The VCSEL 13 is used as a light source of an optical module for transmission and amplification of light source data, in which a circular laser beam is perpendicularly emitted to a surface of the substrate. Conventionally, an LED and an edge-emitting laser diode have been widely used as the VCSEL and, since 1990, a surface-emitting laser (SEL) has been used in optical fiber communication, interfacing, and parallel processing of mass-information instead.
However, the conventional VCSELs are disadvantageous in that the micro-lens 17 should be used if the transmission of the optical signal 19 is conducted through the opto-via holes 16, and their maximum allowable wavelength is 200 μm. Furthermore, it is difficult to embed a curved reflecting mirror or prism used in coupling of waveguide elements into the multi-layered PCB, and there is a problem of misalignment between the curved reflecting mirror or prism and the PCB when a plurality of mechanical drills are used in parallel to pierce the multi-layered PCB so as to connect multi-channel signals to each other.

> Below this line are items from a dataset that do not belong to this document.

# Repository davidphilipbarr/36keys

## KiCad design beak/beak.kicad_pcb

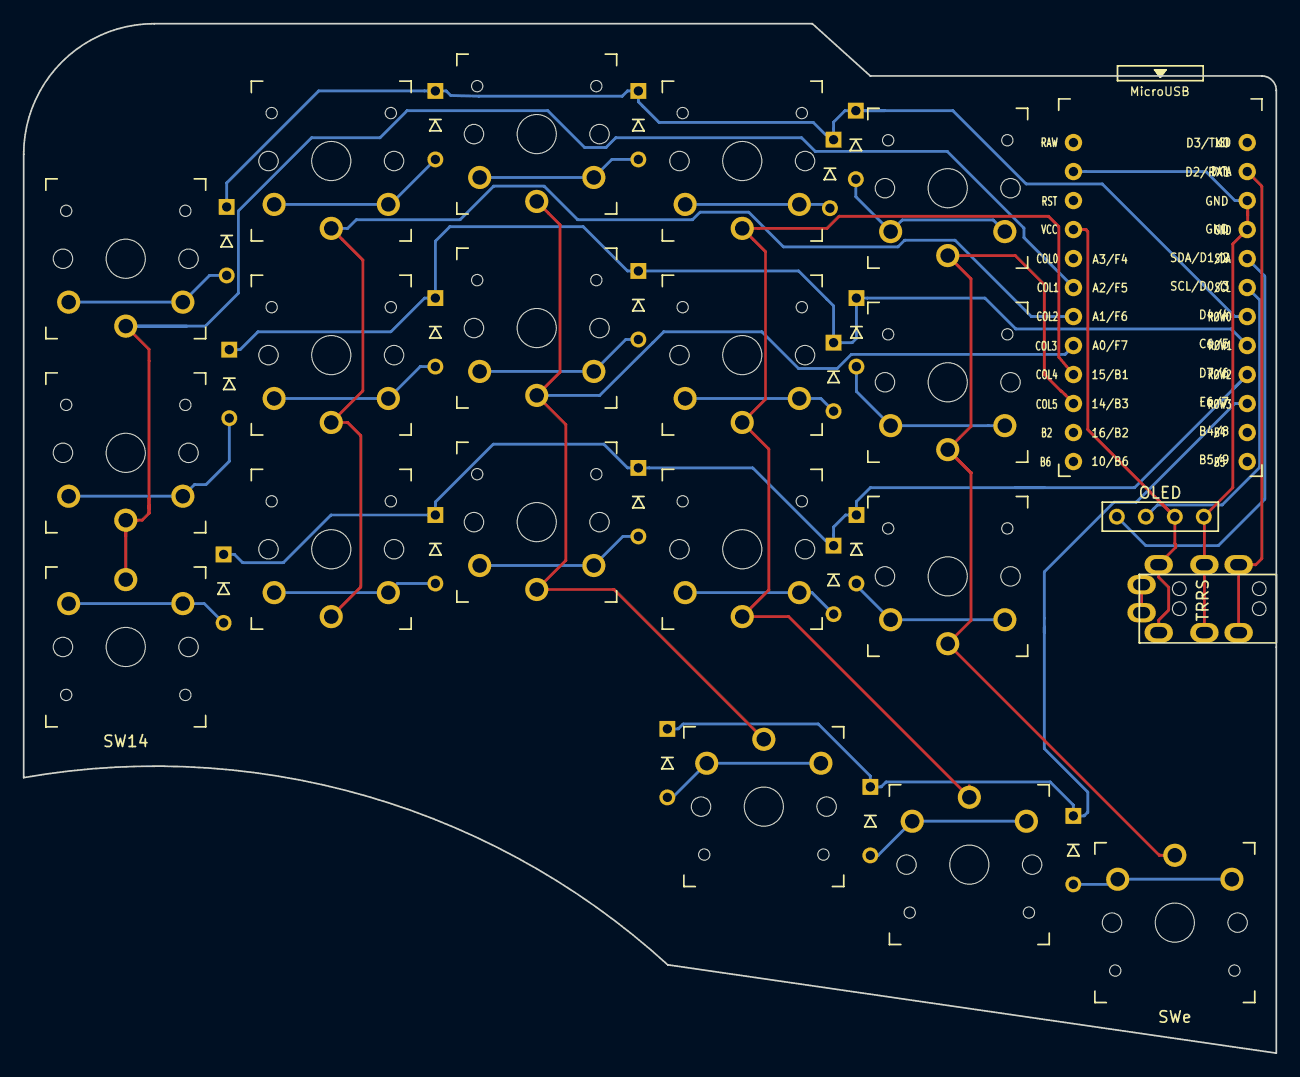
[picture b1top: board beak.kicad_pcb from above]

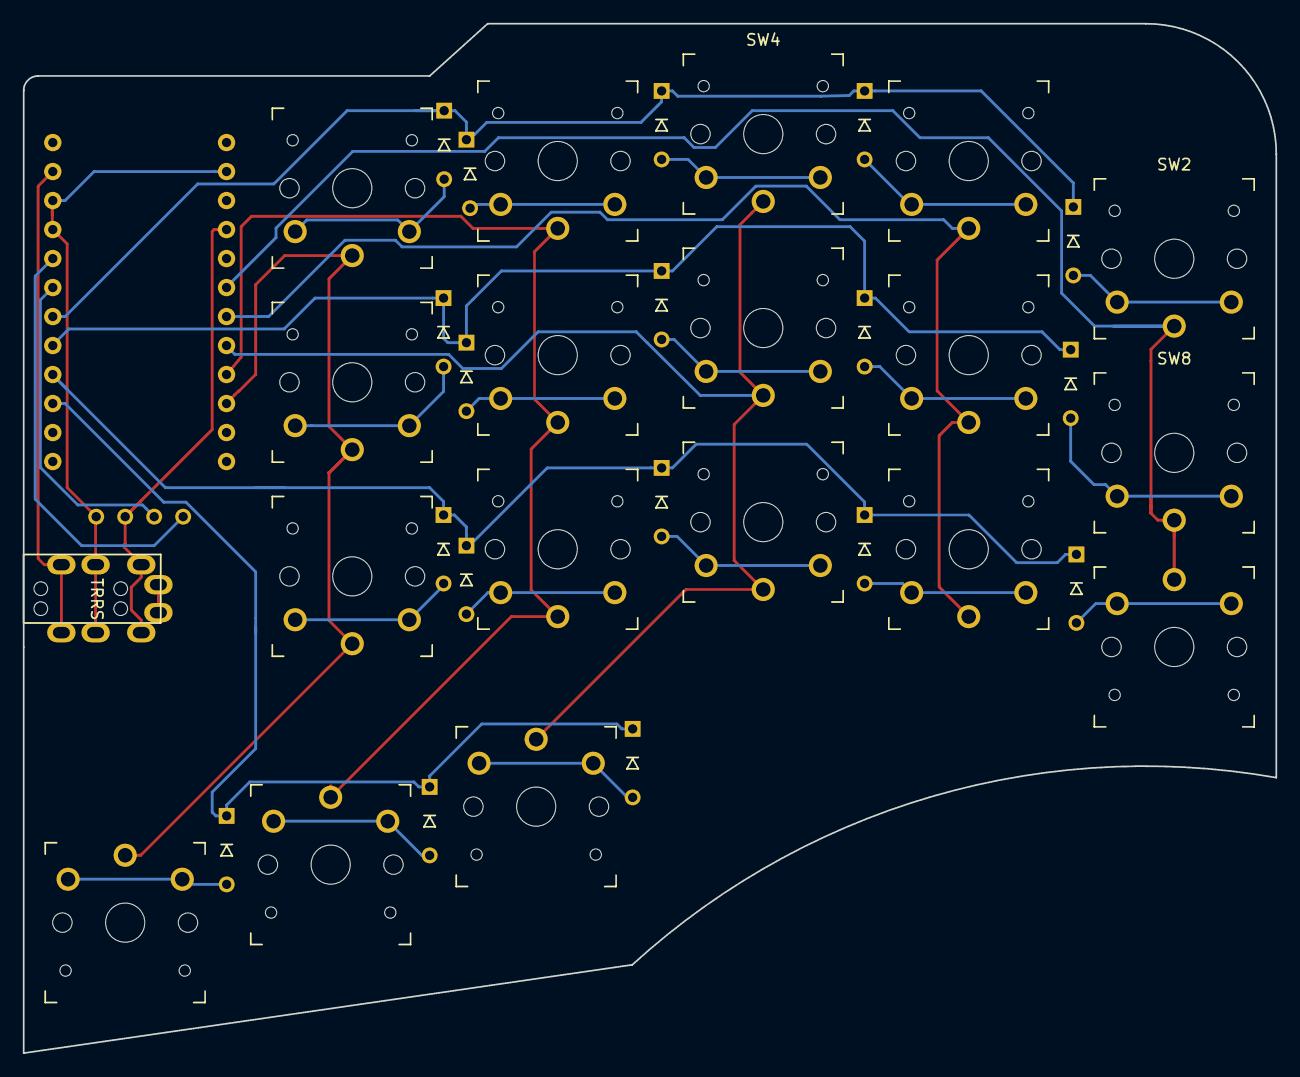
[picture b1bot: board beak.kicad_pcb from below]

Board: 2 copper layers, 109.7 x 90.2 mm, 39 parts (4 on the bottom side), 32 nets.

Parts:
D2, D3, D4, D5, D6, D8, D9, D10, D11, D12, D14, D15, D16, D17, D18, D19, D20, D21: D; D3_TH
J1: MJ-4PP-9
J2: OLED; OLED_1side
SW2, SW3, SW4, SW5, SW6, SW8, SW9, SW10, SW11, SW12, SW14, SW15, SW16, SW17, SW18, SW19, SW20: SW_PUSH; SW_PG1350_reversible
SWe: SW_PUSH; SW_PG1350_reversible
U1: ProMicro; ProMicro_v3

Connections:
GND: J1.C, J2.4, U1.3, U1.4, U1.23
unnamed: D2.2, SW2.2
unnamed: D3.2, SW3.2
unnamed: D4.2, SW4.2
unnamed: D5.2, SW5.2
unnamed: D6.2, SW6.2
unnamed: D8.2, SW8.2
unnamed: D9.2, SW9.2
unnamed: D10.2, SW10.2
unnamed: D11.2, SW11.2
unnamed: D12.2, SW12.2
unnamed: D14.2, SW14.2
unnamed: D15.2, SW15.2
unnamed: D16.2, SW16.2
unnamed: D17.2, SW17.2
unnamed: D18.2, SW18.2
unnamed: D19.2, SW19.2
unnamed: D20.2, SW20.2
unnamed: D21.2, SWe.2
SCL: J2.2, U1.6
SDA: J2.1, U1.5
VCC: J1.D, J2.3, U1.21
col1: SW2.1, SW8.1, SW14.1, U1.19
col2: SW3.1, SW9.1, SW15.1, U1.18
col3: SW4.1, SW10.1, SW16.1, SW19.1, U1.17
col4: SW5.1, SW11.1, SW17.1, SW20.1, U1.16
col5: SW6.1, SW12.1, SW18.1, SWe.1, U1.15
data: J1.B, U1.2
row0: D2.1, D3.1, D4.1, D5.1, D6.1, U1.7
row1: D8.1, D9.1, D10.1, D11.1, D12.1, U1.8
row2: D14.1, D15.1, D16.1, D17.1, D18.1, U1.9
row3: D19.1, D20.1, D21.1, U1.10

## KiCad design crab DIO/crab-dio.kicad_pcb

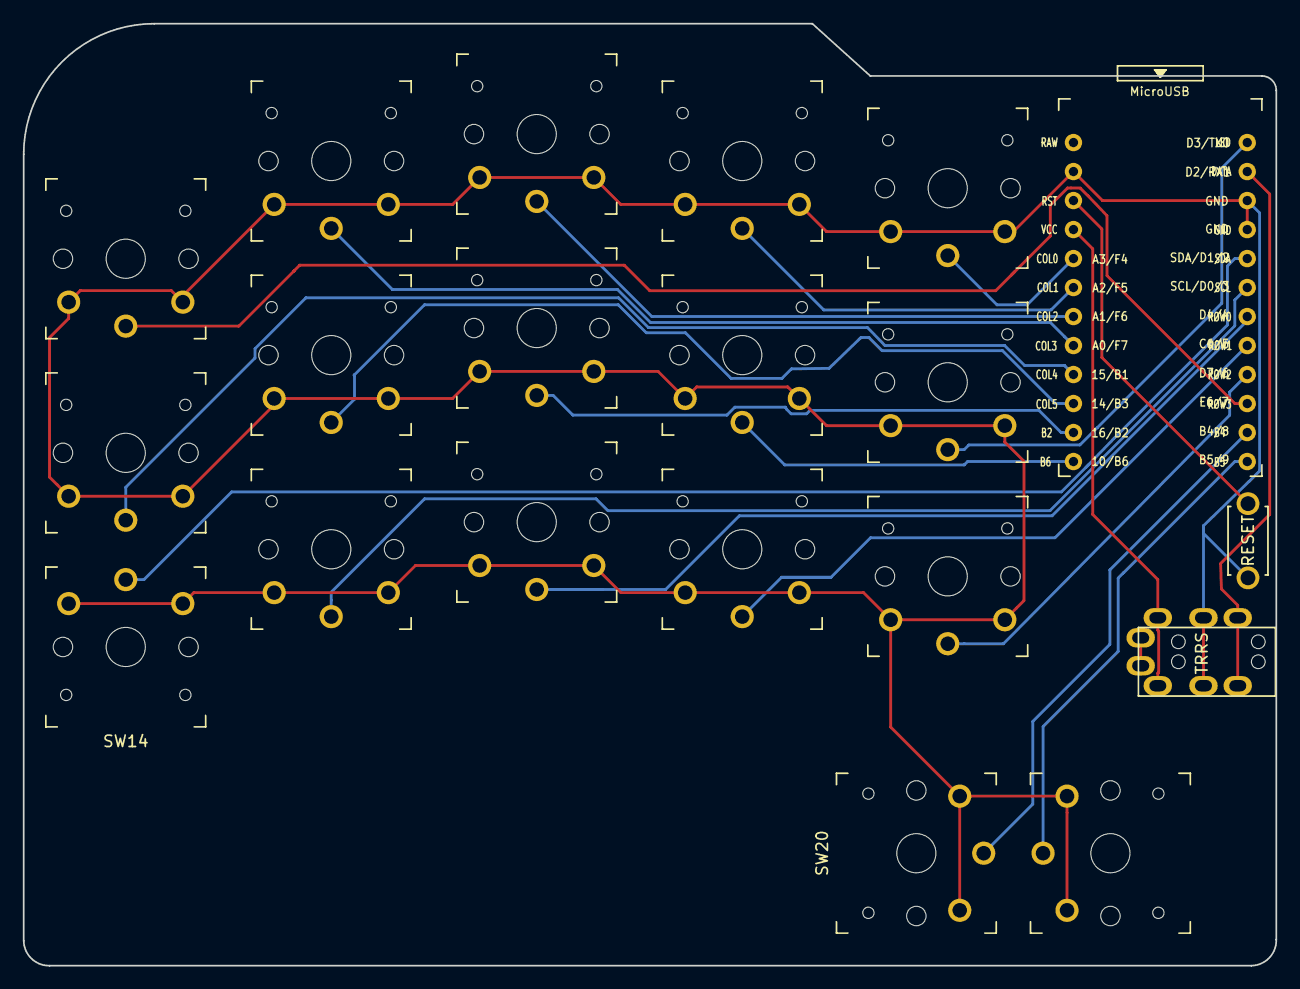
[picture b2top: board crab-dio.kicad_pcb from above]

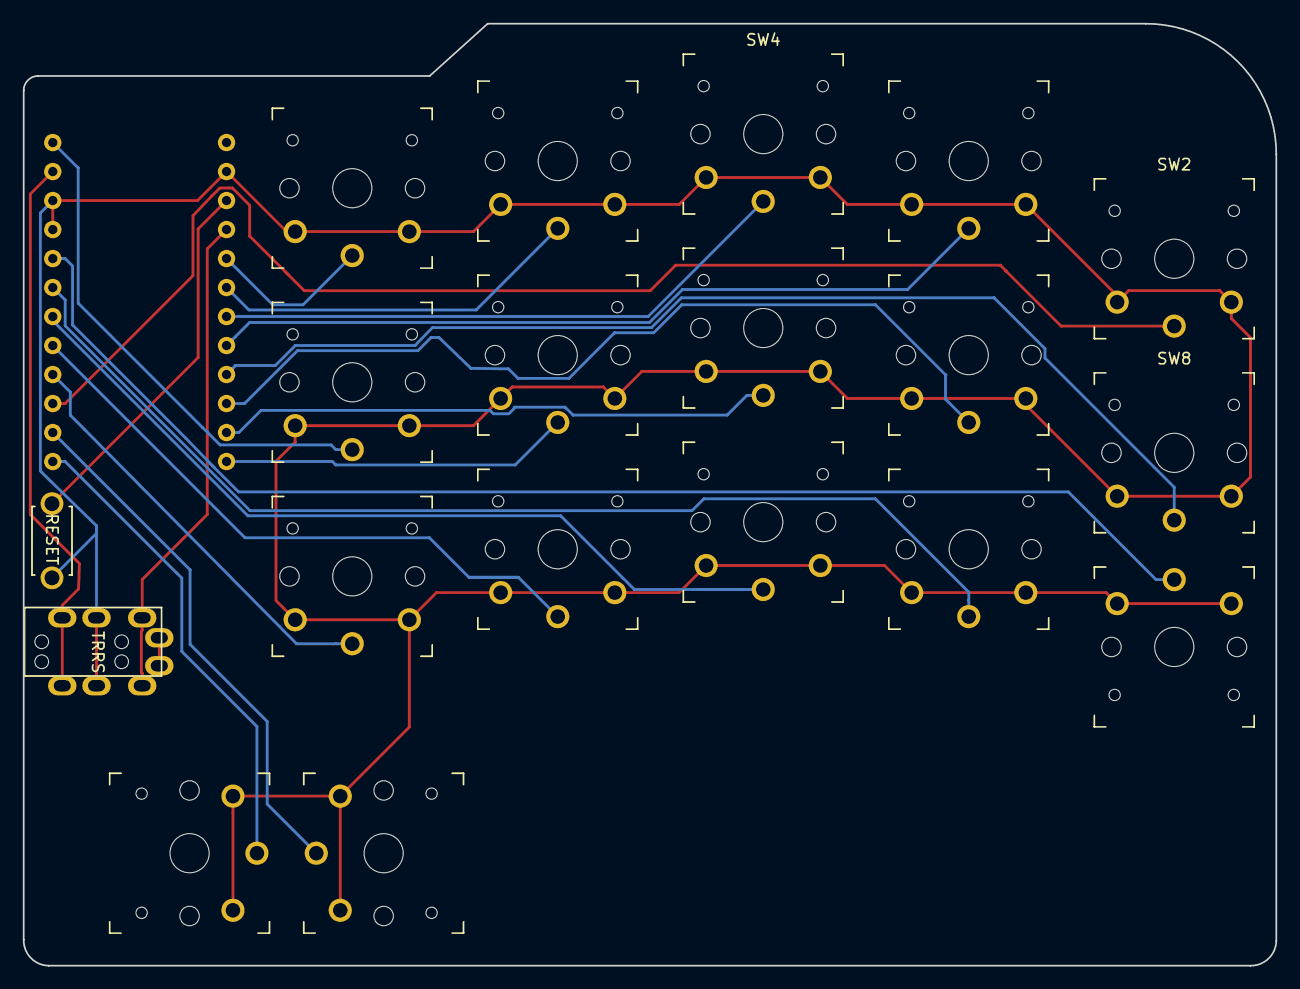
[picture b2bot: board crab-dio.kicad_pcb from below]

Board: 2 copper layers, 109.7 x 82.5 mm, 20 parts (3 on the bottom side), 21 nets.

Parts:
J1: MJ-4PP-9
RSW1: Val**; ResetSW
SW2, SW3, SW4, SW5, SW6, SW8, SW9, SW10, SW11, SW12, SW14, SW15, SW16, SW17, SW18, SW20, SW21: SW_PUSH; SW_PG1350_reversible
U1: ProMicro; ProMicro_v3

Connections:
GND: J1.C, RSW1.2, SW2.2, SW3.2, SW4.2, SW5.2, SW6.2, SW8.2, SW9.2, SW10.2, SW11.2, SW12.2, SW14.2, SW15.2, SW16.2, SW17.2, SW18.2, SW20.2, SW21.2, U1.3, U1.4, U1.23
LED: SW12.1, U1.1
unnamed: SW6.1, U1.20
unnamed: SW20.1, U1.11
unnamed: SW21.1, U1.12
unnamed: SW11.1, U1.13
unnamed: SW10.1, U1.14
SCL: SW15.1, U1.6
SDA: SW14.1, U1.5
VCC: J1.D, U1.21
col1: SW5.1, U1.19
col2: SW4.1, U1.18
col3: SW3.1, U1.17
col4: SW8.1, U1.16
col5: SW9.1, U1.15
data: J1.B, U1.2
reset: RSW1.1, U1.22
row0: SW16.1, U1.7
row1: SW17.1, U1.8
row2: SW18.1, U1.9
row3: SW2.1, U1.10

In other words, it is difficult to limit a light emitting distance from the VCSEL or photo diode within a range of 60 to 200 μm in a free space and to locate the micro-lens, the curved reflecting mirror, or the prism in the proper place so as to connect the VCSEL or photo diode to the optical waveguide or optical fiber in the multi-layered PCB.
Additionally, it is impossible to transmit the optical signal between locations more than 30 cm apart because a length of a silicon substrate, that is, a wafer, is 30 cm or less when a plastic polymer used as a material of the optical waveguide is spin-coated on the silicon substrate.